Произносил я филиппики против вещей, но если вдуматься, и мы — земные чародеи — сильны вещами, только не собственными, а общими, всем человечеством изобретенными.
Вот остался я без вещей — и исчезла моя сила. Не творю чудес больше. Руками-то ведь не сделаешь лазера.
Впрочем, кое-что есть у меня еще. Уцелело от общеземного богатства: наши общие знания, самые общие — школьные.
Жалко, что я теоретик-математик, а не инженер. Глядишь, и просветил бы здешний мир, как янки у Марка Твена или жюльверновский Сайрус Смит на таинственном острове. Впрочем, может, и не просветил бы. Синекровые не хотят промышленного прогресса. Как-то я обратил внимание, что здешние плотники орудуют только топором: топорами валят лес, топорами рубят дома, своды создают без единого гвоздя, как в наших храмах на Онежском озере. Я решил облагодетельствовать их, познакомить с пилой. Самый талантливый из кузнецов выковал пилу (да, ковал на наковальне!) по моему совету. Месяц он огребал медяки как пильщик-монополист. Чем дело кончилось? Кузницу его сожгли. Не кузнецы — плотники. Город маленький, работы в обрез, делят между всеми поровну.
Если ты кузнец, делай мечи и подковы, не лезь в чужое дело, хлеб не отбивай.
И мне сказали: если ты Чародей, знай свое место, предсказывай судьбу, порчу отводи, зубы заговаривай, исцеляй. А в кузнечное дело не лезь, а то и тебе петуха подпустим.

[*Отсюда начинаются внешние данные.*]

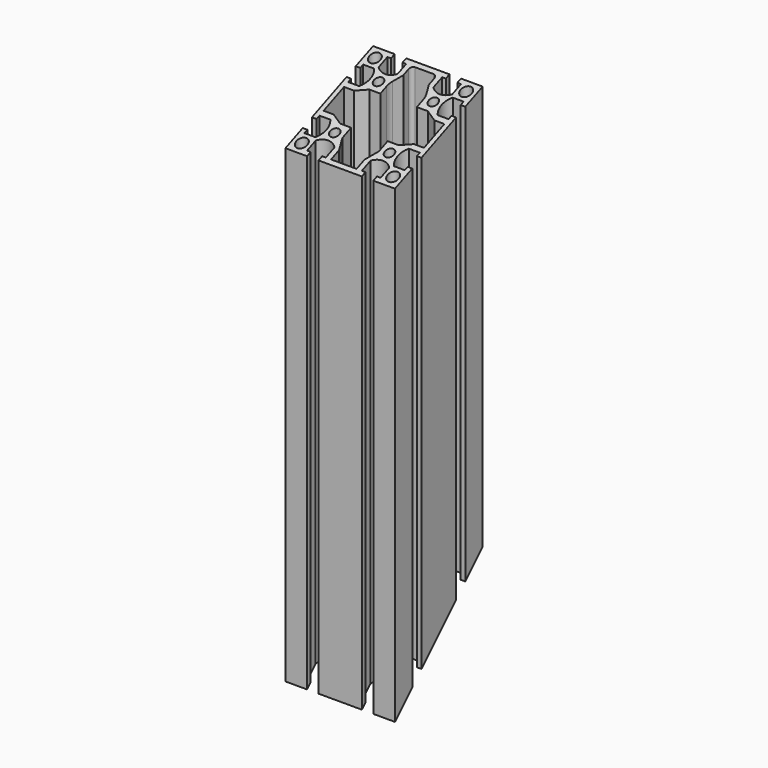
from build123d import *

# Parameters (mm, degrees)
F0_R          = 3
F0_R_2        = 2.5
F1_DEPTH      = 282
F2_R          = 2
F3_R          = 7
F6_DEPTH      = 30
F6_DEPTH_BACK = 30


# Not quite as in the source:
# - a feature names something its author has since deleted; it is built from what else it names


with BuildPart() as f1:
    # F0 (on Top) → F1 (new body)
    with BuildSketch(Plane.XY):
        with BuildLine():
            Line((18.15, -30), (30, -30))
            Line((30, -30), (30, -18.15))
            Line((30, -18.15), (27.5, -18.15))
            Line((27.5, -18.15), (27.5, -20.15))
            Line((27.5, -20.15), (21.5477069044, -20.15))
            ThreePointArc((21.5477069044, -20.15), (19.5, -15), (21.5477069044, -9.85))
            Line((21.5477069044, -9.85), (27.5, -9.85))
            Line((27.5, -9.85), (27.5, -11.85))
            Line((27.5, -11.85), (30, -11.85))
            Line((30, -11.85), (30, 11.85))
            Line((30, 11.85), (27.5, 11.85))
            Line((27.5, 11.85), (27.5, 9.85))
            Line((27.5, 9.85), (21.5477069044, 9.85))
            ThreePointArc((21.5477069044, 9.85), (19.5, 15), (21.5477069044, 20.15))
            Line((21.5477069044, 20.15), (27.5, 20.15))
            Line((27.5, 20.15), (27.5, 18.15))
            Line((27.5, 18.15), (30, 18.15))
            Line((30, 18.15), (30, 30))
            Line((30, 30), (18.15, 30))
            Line((18.15, 30), (18.15, 27.5))
            Line((18.15, 27.5), (20.15, 27.5))
            Line((20.15, 27.5), (20.15, 21.5477069044))
            ThreePointArc((20.15, 21.5477069044), (15, 19.5), (9.85, 21.5477069044))
            Line((9.85, 21.5477069044), (9.85, 27.5))
            Line((9.85, 27.5), (11.85, 27.5))
            Line((11.85, 27.5), (11.85, 30))
            Line((11.85, 30), (-11.85, 30))
            Line((-11.85, 30), (-11.85, 27.5))
            Line((-11.85, 27.5), (-9.85, 27.5))
            Line((-9.85, 27.5), (-9.85, 21.5477069044))
            ThreePointArc((-9.85, 21.5477069044), (-15, 19.5), (-20.15, 21.5477069044))
            Line((-20.15, 21.5477069044), (-20.15, 27.5))
            Line((-20.15, 27.5), (-18.15, 27.5))
            Line((-18.15, 27.5), (-18.15, 30))
            Line((-18.15, 30), (-30, 30))
            Line((-30, 30), (-30, 18.15))
            Line((-30, 18.15), (-27.5, 18.15))
            Line((-27.5, 18.15), (-27.5, 20.15))
            Line((-27.5, 20.15), (-21.5477069044, 20.15))
            ThreePointArc((-21.5477069044, 20.15), (-19.5, 15), (-21.5477069044, 9.85))
            Line((-21.5477069044, 9.85), (-27.5, 9.85))
            Line((-27.5, 9.85), (-27.5, 11.85))
            Line((-27.5, 11.85), (-30, 11.85))
            Line((-30, 11.85), (-30, -11.85))
            Line((-30, -11.85), (-27.5, -11.85))
            Line((-27.5, -11.85), (-27.5, -9.85))
            Line((-27.5, -9.85), (-21.5477069044, -9.85))
            ThreePointArc((-21.5477069044, -9.85), (-19.5, -15), (-21.5477069044, -20.15))
            Line((-21.5477069044, -20.15), (-27.5, -20.15))
            Line((-27.5, -20.15), (-27.5, -18.15))
            Line((-27.5, -18.15), (-30, -18.15))
            Line((-30, -18.15), (-30, -30))
            Line((-30, -30), (-18.15, -30))
            Line((-18.15, -30), (-18.15, -27.5))
            Line((-18.15, -27.5), (-20.15, -27.5))
            Line((-20.15, -27.5), (-20.15, -21.5477069044))
            ThreePointArc((-20.15, -21.5477069044), (-15, -19.5), (-9.85, -21.5477069044))
            Line((-9.85, -21.5477069044), (-9.85, -27.5))
            Line((-9.85, -27.5), (-11.85, -27.5))
            Line((-11.85, -27.5), (-11.85, -30))
            Line((-11.85, -30), (11.85, -30))
            Line((11.85, -30), (11.85, -27.5))
            Line((11.85, -27.5), (9.85, -27.5))
            Line((9.85, -27.5), (9.85, -21.5477069044))
            ThreePointArc((9.85, -21.5477069044), (15, -19.5), (20.15, -21.5477069044))
            Line((20.15, -21.5477069044), (20.15, -27.5))
            Line((20.15, -27.5), (18.15, -27.5))
            Line((18.15, -27.5), (18.15, -30))
        make_face()
        with Locations((-25, -25)):
            Circle(F0_R, mode=Mode.SUBTRACT)
        with Locations((-15, -15)):
            Circle(F0_R_2, mode=Mode.SUBTRACT)
        with Locations((25, -25)):
            Circle(F0_R, mode=Mode.SUBTRACT)
        with Locations((15, -15)):
            Circle(F0_R_2, mode=Mode.SUBTRACT)
        with Locations((-25, 25)):
            Circle(F0_R, mode=Mode.SUBTRACT)
        with Locations((-15, 15)):
            Circle(F0_R_2, mode=Mode.SUBTRACT)
        Polygon((-7, 22), (-7, 27.5), (0, 27.5), (7, 27.5), (7, 22), (10, 16), (10, 10), (16, 10), (22, 7), (27.5, 7), (27.5, 0), (27.5, -7), (22, -7), (16, -10), (10, -10), (10, -16), (7, -22), (7, -27.5), (0, -27.5), (-7, -27.5), (-7, -22), (-10, -16), (-10, -10), (-16, -10), (-22, -7), (-27.5, -7), (-27.5, 0), (-27.5, 7), (-22, 7), (-16, 10), (-10, 10), (-10, 16), align=None, mode=Mode.SUBTRACT)
        with Locations((15, 15)):
            Circle(F0_R_2, mode=Mode.SUBTRACT)
        with Locations((25, 25)):
            Circle(F0_R, mode=Mode.SUBTRACT)
    extrude(amount=F1_DEPTH)

    # F2
    f2_edges = [f1.edges().sort_by_distance(p)[0] for p in [
        (-7, 27.5, 141),
        (7, 27.5, 141),
    ]]
    fillet(f2_edges, radius=F2_R)

    # F3
    f3_edges = [f1.edges().sort_by_distance(p)[0] for p in [
        (-10, 16, 141),
        (10, 16, 141),
    ]]
    fillet(f3_edges, radius=F3_R)

    # F5 (on Right) → F6 (cut, two sides)
    with BuildSketch(Plane.YZ) as f6_sk:
        Polygon((115.2614038106, 44.5196963257), (64.8905500682, 94.8905500682), (-30, 0), (20.3708537424, -50.3708537424), align=None)
        Polygon((30, 282), (-7.7241411908, 373.0741332917), (-157.9632044753, 310.843075681), (-120.2390632845, 219.7689423893), align=None)
    extrude(amount=F6_DEPTH, mode=Mode.SUBTRACT)
    extrude(f6_sk.sketch, amount=-F6_DEPTH_BACK, mode=Mode.SUBTRACT)


solid = f1.part

Исцелять? Нечем. Аварийную аптечку я опустошил в первый год. Уцелели только сведения в голове, самые общие сведения по гигиене. В отличие от синекровых я знаю, что болезни разносят не злые духи, а микробы, а микробов — насекомые. Знаю, что залог здоровья — чистота. Здесь, например, принято засыпать раны пылью. Понимаете, как часто это кончается столбняком. Я советую промывать спиртом, бинтовать раны чистыми полотенцами. Мои пациенты выживают чаще, не всегда, к сожалению. Спирт у меня есть, антибиотиков нет все-таки.
Помню я, что чуму разносят блохи, а от черной оспы спасает вакцина. Коровы есть у синекровых, и, честное слово, мне удается прекратить эпидемию оспы. Впрочем, священники уверяют, что помогли их молитвы.
Неожиданно находится применение и моим математическим знаниям. Нет, конечно, интегралы здесь никому не нужны. Но у синекровых еще не сложилась арифметика. Они худо умножают и совершенно не умеют делить. Деление сводят к последовательному вычитанию. Вычитают один раз, два, три раза… девять раз, выписывают все промежуточные результаты в столбец, остатки переносят туда-сюда, путают, получают что-то смутное и проверяют столь же длинным умножением. Мое умение разделить на двух-трехзначное число кажется им очередным чудом. А ведь я, кроме того, помню еще и про логарифмы. Я могу даже логарифмическую линейку разметить, считать, перемещая струганную палочку. Чудо из чудес!